Kriteria ini sebagaimana ditegaskan oleh lembaga dan ahli fikih kontemporer. Di antaranya Lembaga Fatwa Negara Mesir, al-Lajnah ad-Daimah Saudi Arabia No 9/285, dan putusan Muktamar ke-2 Lembaga Riset Islam al-Azhar pada Mei 1965, Syekh Jad al-Haq Ali Jad al-Haq saat menjadi Mufti Mesir (dalam fatwanya No 18/1980), Syekh Abdul Lathif Hamzah Mufti Mesir, dan para Mufti Mesir pada umumnya, Syekh ‘Athiyah Saqr, dan Syekh al-Qardhawi.
Berdasarkan kriteria tersebut, maka pemberlakuan pajak untuk warga negara dengan kemampuan ekonomi pas-pasan, apalagi untuk kebutuhan pokok mereka, itu tidak sesuai dengan kriteria pemberlakuan pajak menurut fikih di atas.
Kedua, penjelasan otoritas fatwa dan ulama internasional. (a) Sebagaimana Putusan Ijtima’ Ulama Komisi Fatwa se-Indonesia,
“(1) MUI mengharapkan hendaknya pemerintah menerapkan pungutan pajak yang adil dan seringan mungkin terhadap masyarakat yang berpendapatan rendah dengan tidak membebani tarif pajak yang bertumpuk dan pembebasan tarif pajak bagi yang usahanya belum menghasilkan keuntungan. Selain itu mengurangkan zakat atas pajak terhutang bukan nilai pendapatan kena pajak.
(2) Di sisi lain, mendorong pemerintah untuk mencari sumber-sumber pendapatan negara yang lain selain pajak agar rakyat tidak terbebani dengan pajak yang tinggi. Untuk itulah, MUI memberikan dukungan sepenuhnya terhadap kebijakan Kementerian Agraria dan Tata Ruang yang akan menghapuskan PBB (Pajak Bumi dan Bangunan) mulai tahun 2016.
(3) Seiring dengan itu, pemerintah harus menguasai faktor-faktor utama ekonomi untuk kepentingan rakyat sebagaimana diamanatkan undang-undang.”
(Keputusan Komisi C Ijtima’ Ulama Komisi Fatwa Se-Indonesia V tahun 2015 tentang Pajak Jangan Membebani Rakyat).
(b) Penjelasan Jabhah Ulama Al-Azhar.
كيف تفرض ضرائب على سكن خاص أُعد لتكوين أُسرة أو أُعد ليأوى الرجل أهله فهذا أمر لا يعقله أحد، مضيفاً أن الزكاة وحدها هى التى يخرج المسلم من أجلها المال لأنها حق معلوم للسائل والمحروم، وهذا ما يجب فى مال الإنسان.
“Bagaimana mungkin pajak diberlakukan untuk rumah yang menjadi tempat tinggal masyarakat, untuk tempat tinggal yang digunakan sebagai tempat tinggalnya dan sebagai tempat tinggal keluarganya.
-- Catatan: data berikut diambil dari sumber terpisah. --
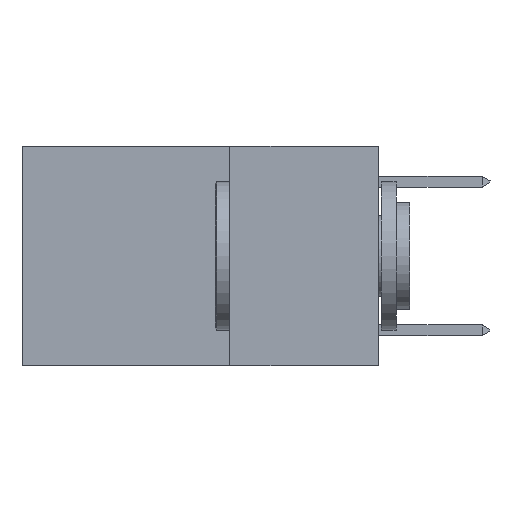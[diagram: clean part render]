
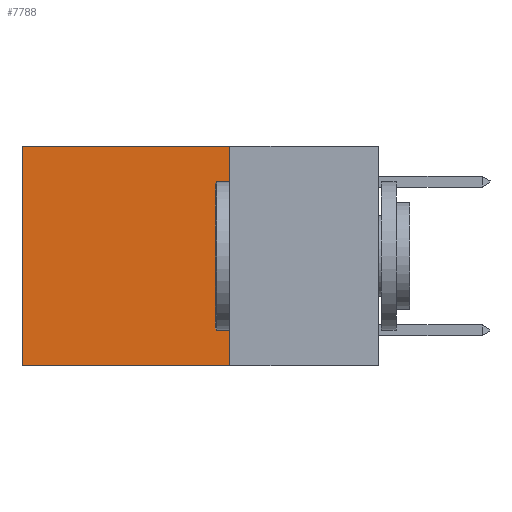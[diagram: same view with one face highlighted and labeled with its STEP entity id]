
A CAD part, left-side view. The second image highlights one B-rep face of the part: STEP entity #7788.
In plain terms, the highlighted planar face has unit normal (-1, 0, 0).
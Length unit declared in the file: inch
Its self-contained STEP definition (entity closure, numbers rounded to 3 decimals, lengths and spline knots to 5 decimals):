
#343 = CARTESIAN_POINT ( 'NONE',  ( 0.2625, 0.25, 0. ) ) ;
#997 = EDGE_CURVE ( 'NONE', #1949, #6991, #1189, .T. ) ;
#1189 = LINE ( 'NONE', #5073, #7042 ) ;
#1420 = DIRECTION ( 'NONE',  ( 0., 0., -1. ) ) ;
#1506 = ORIENTED_EDGE ( 'NONE', *, *, #997, .T. ) ;
#1949 = VERTEX_POINT ( 'NONE', #4753 ) ;
#2293 = VECTOR ( 'NONE', #9683, 39.37008 ) ;
#2930 = PLANE ( 'NONE',  #5982 ) ;
#3155 = CARTESIAN_POINT ( 'NONE',  ( 0.2625, 0.6, -0.37 ) ) ;
#3541 = FACE_OUTER_BOUND ( 'NONE', #3915, .T. ) ;
#3571 = CARTESIAN_POINT ( 'NONE',  ( 0.2625, 0.25, -0.37 ) ) ;
#3886 = DIRECTION ( 'NONE',  ( 0., 0., -1. ) ) ;
#3915 = EDGE_LOOP ( 'NONE', ( #1506, #6274, #6380, #5615 ) ) ;
#3974 = CARTESIAN_POINT ( 'NONE',  ( 0.2625, 0.25, 0. ) ) ;
#4238 = EDGE_CURVE ( 'NONE', #7126, #1949, #7890, .T. ) ;
#4319 = LINE ( 'NONE', #3571, #2293 ) ;
#4753 = CARTESIAN_POINT ( 'NONE',  ( 0.2625, 0.6, 0. ) ) ;
#4811 = CARTESIAN_POINT ( 'NONE',  ( 0.2625, 0.25, 0. ) ) ;
#5073 = CARTESIAN_POINT ( 'NONE',  ( 0.2625, 0.6, 0. ) ) ;
#5223 = VECTOR ( 'NONE', #8609, 39.37008 ) ;
#5615 = ORIENTED_EDGE ( 'NONE', *, *, #4238, .T. ) ;
#5685 = VERTEX_POINT ( 'NONE', #6828 ) ;
#5781 = VECTOR ( 'NONE', #6481, 39.37008 ) ;
#5911 = LINE ( 'NONE', #3974, #5223 ) ;
#5976 = DIRECTION ( 'NONE',  ( 1., 0., 0. ) ) ;
#5982 = AXIS2_PLACEMENT_3D ( 'NONE', #6720, #5976, #1420 ) ;
#6274 = ORIENTED_EDGE ( 'NONE', *, *, #6634, .F. ) ;
#6380 = ORIENTED_EDGE ( 'NONE', *, *, #7974, .F. ) ;
#6481 = DIRECTION ( 'NONE',  ( 0., 1., 0. ) ) ;
#6634 = EDGE_CURVE ( 'NONE', #5685, #6991, #4319, .T. ) ;
#6720 = CARTESIAN_POINT ( 'NONE',  ( 0.2625, 0.25, 0. ) ) ;
#6828 = CARTESIAN_POINT ( 'NONE',  ( 0.2625, 0.25, -0.37 ) ) ;
#6991 = VERTEX_POINT ( 'NONE', #3155 ) ;
#7042 = VECTOR ( 'NONE', #3886, 39.37008 ) ;
#7126 = VERTEX_POINT ( 'NONE', #4811 ) ;
#7788 = ADVANCED_FACE ( 'NONE', ( #3541 ), #2930, .F. ) ;
#7890 = LINE ( 'NONE', #343, #5781 ) ;
#7974 = EDGE_CURVE ( 'NONE', #7126, #5685, #5911, .T. ) ;
#8609 = DIRECTION ( 'NONE',  ( 0., 0., -1. ) ) ;
#9683 = DIRECTION ( 'NONE',  ( 0., 1., 0. ) ) ;
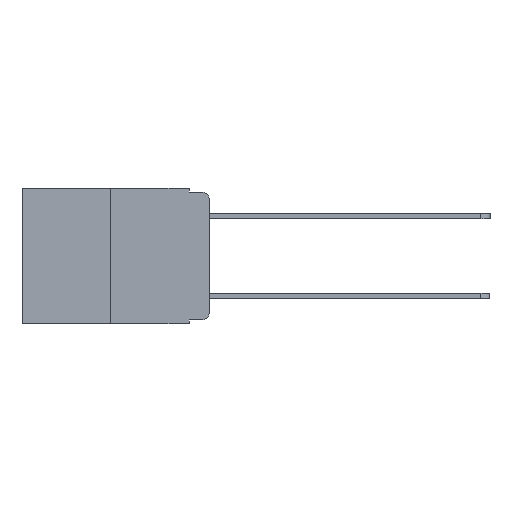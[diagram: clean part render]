
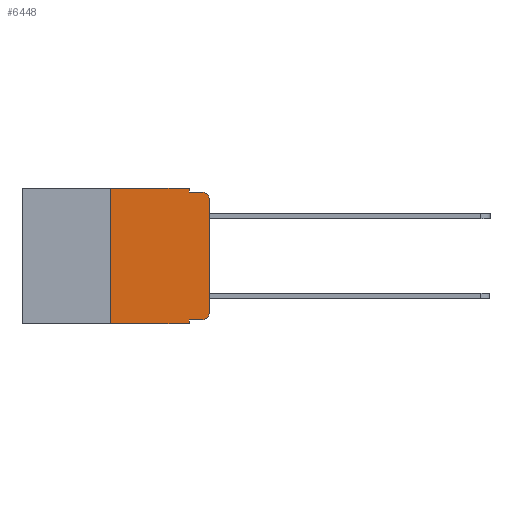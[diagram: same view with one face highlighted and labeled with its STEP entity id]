
A CAD part, left-side view. The second image highlights one B-rep face of the part: STEP entity #6448.
In plain terms, the highlighted planar face has unit normal (-1, 0, 0).
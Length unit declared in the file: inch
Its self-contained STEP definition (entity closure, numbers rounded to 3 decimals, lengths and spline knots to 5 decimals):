
#404 = EDGE_CURVE ( 'NONE', #19575, #16521, #6756, .T. ) ;
#554 = DIRECTION ( 'NONE',  ( 0., 0., 1. ) ) ;
#869 = EDGE_CURVE ( 'NONE', #17636, #4888, #16951, .T. ) ;
#1213 = PLANE ( 'NONE',  #16646 ) ;
#1312 = DIRECTION ( 'NONE',  ( 1., 0., 0. ) ) ;
#1450 = DIRECTION ( 'NONE',  ( 0., 0., -1. ) ) ;
#2072 = VECTOR ( 'NONE', #9592, 39.37008 ) ;
#2181 = VERTEX_POINT ( 'NONE', #3842 ) ;
#2501 = FACE_OUTER_BOUND ( 'NONE', #23965, .T. ) ;
#2714 = ORIENTED_EDGE ( 'NONE', *, *, #4668, .F. ) ;
#2771 = DIRECTION ( 'NONE',  ( 0., 0., -1. ) ) ;
#2789 = ORIENTED_EDGE ( 'NONE', *, *, #20347, .T. ) ;
#2938 = CARTESIAN_POINT ( 'NONE',  ( 0., 0.25, -0.343 ) ) ;
#3327 = CARTESIAN_POINT ( 'NONE',  ( 0., 0.051, 0. ) ) ;
#3730 = AXIS2_PLACEMENT_3D ( 'NONE', #8705, #21999, #10666 ) ;
#3776 = VECTOR ( 'NONE', #12876, 39.37008 ) ;
#3842 = CARTESIAN_POINT ( 'NONE',  ( 0., 0.02, -0.01 ) ) ;
#4198 = VERTEX_POINT ( 'NONE', #2938 ) ;
#4411 = LINE ( 'NONE', #11005, #3776 ) ;
#4668 = EDGE_CURVE ( 'NONE', #4198, #17636, #5717, .T. ) ;
#4888 = VERTEX_POINT ( 'NONE', #3327 ) ;
#5089 = VECTOR ( 'NONE', #12527, 39.37008 ) ;
#5122 = CARTESIAN_POINT ( 'NONE',  ( 0., 0.25, 0. ) ) ;
#5717 = LINE ( 'NONE', #10651, #5089 ) ;
#6347 = EDGE_CURVE ( 'NONE', #19575, #18132, #4411, .T. ) ;
#6448 = ADVANCED_FACE ( 'NONE', ( #2501 ), #1213, .F. ) ;
#6477 = ORIENTED_EDGE ( 'NONE', *, *, #869, .F. ) ;
#6756 = LINE ( 'NONE', #10601, #16978 ) ;
#7368 = ORIENTED_EDGE ( 'NONE', *, *, #12942, .F. ) ;
#7449 = LINE ( 'NONE', #20963, #2072 ) ;
#8317 = ORIENTED_EDGE ( 'NONE', *, *, #404, .T. ) ;
#8373 = EDGE_CURVE ( 'NONE', #15438, #19911, #9889, .T. ) ;
#8705 = CARTESIAN_POINT ( 'NONE',  ( 0., 0.02, -0.313 ) ) ;
#8826 = CARTESIAN_POINT ( 'NONE',  ( 0., 0.051, -0.01 ) ) ;
#9334 = ORIENTED_EDGE ( 'NONE', *, *, #8373, .T. ) ;
#9592 = DIRECTION ( 'NONE',  ( 0., -1., 0. ) ) ;
#9889 = LINE ( 'NONE', #10542, #19429 ) ;
#10542 = CARTESIAN_POINT ( 'NONE',  ( 0., 0., 0. ) ) ;
#10601 = CARTESIAN_POINT ( 'NONE',  ( 0., 0.051, -0.333 ) ) ;
#10651 = CARTESIAN_POINT ( 'NONE',  ( 0., 0.25, 0. ) ) ;
#10666 = DIRECTION ( 'NONE',  ( 0., 0., -1. ) ) ;
#11005 = CARTESIAN_POINT ( 'NONE',  ( 0., 0.051, 0. ) ) ;
#11088 = AXIS2_PLACEMENT_3D ( 'NONE', #24578, #13242, #1450 ) ;
#11137 = VECTOR ( 'NONE', #20995, 39.37008 ) ;
#11320 = VECTOR ( 'NONE', #11823, 39.37008 ) ;
#11553 = CARTESIAN_POINT ( 'NONE',  ( 0., 0.051, -0.01 ) ) ;
#11823 = DIRECTION ( 'NONE',  ( 0., -1., 0. ) ) ;
#12515 = CARTESIAN_POINT ( 'NONE',  ( 0., 0., -0.03 ) ) ;
#12527 = DIRECTION ( 'NONE',  ( 0., 0., 1. ) ) ;
#12876 = DIRECTION ( 'NONE',  ( 0., 0., -1. ) ) ;
#12942 = EDGE_CURVE ( 'NONE', #24517, #2181, #15552, .T. ) ;
#13242 = DIRECTION ( 'NONE',  ( -1., 0., 0. ) ) ;
#13518 = CARTESIAN_POINT ( 'NONE',  ( 0., 0.051, -0.333 ) ) ;
#13523 = EDGE_CURVE ( 'NONE', #4198, #18132, #7449, .T. ) ;
#14391 = VECTOR ( 'NONE', #2771, 39.37008 ) ;
#14765 = CARTESIAN_POINT ( 'NONE',  ( 0., 0., -0.313 ) ) ;
#15016 = DIRECTION ( 'NONE',  ( 0., 0., -1. ) ) ;
#15438 = VERTEX_POINT ( 'NONE', #14765 ) ;
#15552 = LINE ( 'NONE', #11553, #11137 ) ;
#16187 = ORIENTED_EDGE ( 'NONE', *, *, #18758, .F. ) ;
#16311 = CARTESIAN_POINT ( 'NONE',  ( 0., 0.051, 0. ) ) ;
#16339 = CARTESIAN_POINT ( 'NONE',  ( 0., 0.051, -0.343 ) ) ;
#16521 = VERTEX_POINT ( 'NONE', #21709 ) ;
#16646 = AXIS2_PLACEMENT_3D ( 'NONE', #22575, #1312, #15016 ) ;
#16839 = CIRCLE ( 'NONE', #11088, 0.02 ) ;
#16951 = LINE ( 'NONE', #23148, #11320 ) ;
#16978 = VECTOR ( 'NONE', #18158, 39.37008 ) ;
#17485 = EDGE_CURVE ( 'NONE', #16521, #15438, #18355, .T. ) ;
#17636 = VERTEX_POINT ( 'NONE', #5122 ) ;
#18132 = VERTEX_POINT ( 'NONE', #16339 ) ;
#18158 = DIRECTION ( 'NONE',  ( 0., -1., 0. ) ) ;
#18355 = CIRCLE ( 'NONE', #3730, 0.02 ) ;
#18758 = EDGE_CURVE ( 'NONE', #4888, #24517, #19488, .T. ) ;
#19429 = VECTOR ( 'NONE', #554, 39.37008 ) ;
#19488 = LINE ( 'NONE', #16311, #14391 ) ;
#19575 = VERTEX_POINT ( 'NONE', #13518 ) ;
#19911 = VERTEX_POINT ( 'NONE', #12515 ) ;
#20347 = EDGE_CURVE ( 'NONE', #19911, #2181, #16839, .T. ) ;
#20963 = CARTESIAN_POINT ( 'NONE',  ( 0., 0.473, -0.343 ) ) ;
#20995 = DIRECTION ( 'NONE',  ( 0., -1., 0. ) ) ;
#21178 = ORIENTED_EDGE ( 'NONE', *, *, #13523, .T. ) ;
#21709 = CARTESIAN_POINT ( 'NONE',  ( 0., 0.02, -0.333 ) ) ;
#21999 = DIRECTION ( 'NONE',  ( -1., 0., 0. ) ) ;
#22575 = CARTESIAN_POINT ( 'NONE',  ( 0., 0.473, 0. ) ) ;
#22743 = ORIENTED_EDGE ( 'NONE', *, *, #17485, .T. ) ;
#23148 = CARTESIAN_POINT ( 'NONE',  ( 0., 0.473, 0. ) ) ;
#23965 = EDGE_LOOP ( 'NONE', ( #9334, #2789, #7368, #16187, #6477, #2714, #21178, #24113, #8317, #22743 ) ) ;
#24113 = ORIENTED_EDGE ( 'NONE', *, *, #6347, .F. ) ;
#24517 = VERTEX_POINT ( 'NONE', #8826 ) ;
#24578 = CARTESIAN_POINT ( 'NONE',  ( 0., 0.02, -0.03 ) ) ;
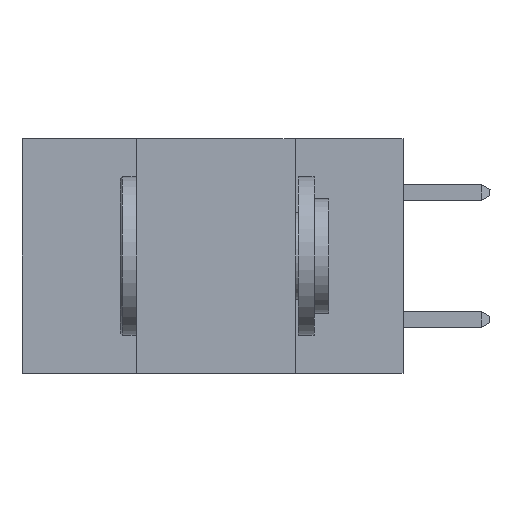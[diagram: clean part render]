
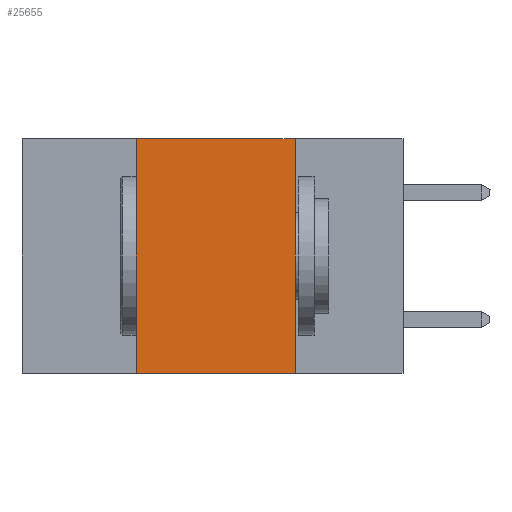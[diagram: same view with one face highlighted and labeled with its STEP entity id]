
A CAD part, left-side view. The second image highlights one B-rep face of the part: STEP entity #25655.
In plain terms, the highlighted planar face has unit normal (-1, 0, 0).
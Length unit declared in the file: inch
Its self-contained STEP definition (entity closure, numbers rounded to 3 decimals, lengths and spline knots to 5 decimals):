
#118 = DIRECTION ( 'NONE',  ( 0., 0., -1. ) ) ;
#586 = CARTESIAN_POINT ( 'NONE',  ( 0., 0.42, 0. ) ) ;
#647 = ORIENTED_EDGE ( 'NONE', *, *, #25412, .F. ) ;
#999 = CARTESIAN_POINT ( 'NONE',  ( 0., 0.42, 0. ) ) ;
#1268 = CARTESIAN_POINT ( 'NONE',  ( 0., 0.17, -0.37 ) ) ;
#1568 = VERTEX_POINT ( 'NONE', #999 ) ;
#2072 = LINE ( 'NONE', #4492, #10820 ) ;
#2631 = LINE ( 'NONE', #9842, #22103 ) ;
#2733 = VECTOR ( 'NONE', #6802, 39.37008 ) ;
#4492 = CARTESIAN_POINT ( 'NONE',  ( 0., 0.6, -0.37 ) ) ;
#4640 = CARTESIAN_POINT ( 'NONE',  ( 0., 0.17, 0. ) ) ;
#4876 = FACE_OUTER_BOUND ( 'NONE', #11091, .T. ) ;
#5430 = CARTESIAN_POINT ( 'NONE',  ( 0., 0.6, 0. ) ) ;
#5673 = EDGE_CURVE ( 'NONE', #1568, #23882, #11604, .T. ) ;
#6167 = CARTESIAN_POINT ( 'NONE',  ( 0., 0.6, 0. ) ) ;
#6802 = DIRECTION ( 'NONE',  ( 0., 0., 1. ) ) ;
#6977 = AXIS2_PLACEMENT_3D ( 'NONE', #6167, #14193, #118 ) ;
#9842 = CARTESIAN_POINT ( 'NONE',  ( 0., 0.17, 0. ) ) ;
#10820 = VECTOR ( 'NONE', #20580, 39.37008 ) ;
#11091 = EDGE_LOOP ( 'NONE', ( #17469, #17251, #647, #23462 ) ) ;
#11604 = LINE ( 'NONE', #5430, #22287 ) ;
#13548 = EDGE_CURVE ( 'NONE', #23060, #14198, #2072, .T. ) ;
#13784 = CARTESIAN_POINT ( 'NONE',  ( 0., 0.42, -0.37 ) ) ;
#14193 = DIRECTION ( 'NONE',  ( 1., 0., 0. ) ) ;
#14198 = VERTEX_POINT ( 'NONE', #1268 ) ;
#17251 = ORIENTED_EDGE ( 'NONE', *, *, #5673, .F. ) ;
#17469 = ORIENTED_EDGE ( 'NONE', *, *, #17696, .F. ) ;
#17696 = EDGE_CURVE ( 'NONE', #23882, #14198, #2631, .T. ) ;
#17829 = PLANE ( 'NONE',  #6977 ) ;
#19678 = LINE ( 'NONE', #586, #2733 ) ;
#20580 = DIRECTION ( 'NONE',  ( 0., -1., 0. ) ) ;
#22103 = VECTOR ( 'NONE', #25946, 39.37008 ) ;
#22287 = VECTOR ( 'NONE', #23622, 39.37008 ) ;
#23060 = VERTEX_POINT ( 'NONE', #13784 ) ;
#23462 = ORIENTED_EDGE ( 'NONE', *, *, #13548, .T. ) ;
#23622 = DIRECTION ( 'NONE',  ( 0., -1., 0. ) ) ;
#23882 = VERTEX_POINT ( 'NONE', #4640 ) ;
#25412 = EDGE_CURVE ( 'NONE', #23060, #1568, #19678, .T. ) ;
#25655 = ADVANCED_FACE ( 'NONE', ( #4876 ), #17829, .F. ) ;
#25946 = DIRECTION ( 'NONE',  ( 0., 0., -1. ) ) ;

Pemberlakuan ini tidak logis. Dan karena zakat yang dibebankan atas aset setiap Muslim, karena itu menjadi hak yang sudah diwajibkan as-sail wa al-mahrum (orang miskin yang meminta dan yang tidak meminta).”
(c) Penjelasan Otoritas Fatwa Mesir.
الضرائب مادامت تفرض بنوع من المشورة لحاجة الأمة إليها ، وتنفق في المصارف العامة ،فلا مانع شرعًا من فرضها ، وللحاكم المسلم أن يفرض على الناس أزيد من مال الزكاة إذا دعت الضرورة إلى ذلك.
“Pemberlakuan pajak selama didasarkan pada musyawarah otoritas terkait dan kebutuhan masyarakat, disalurkan untuk infrastruktur masyarakat, maka itu tidak dilarang dalam syariah. Oleh karena itu, otoritas boleh memberlakukan pajak jika ada kondisi darurat yang menuntut hal tersebut.”
(d) Penjelasan Otoritas Fatwa Libya.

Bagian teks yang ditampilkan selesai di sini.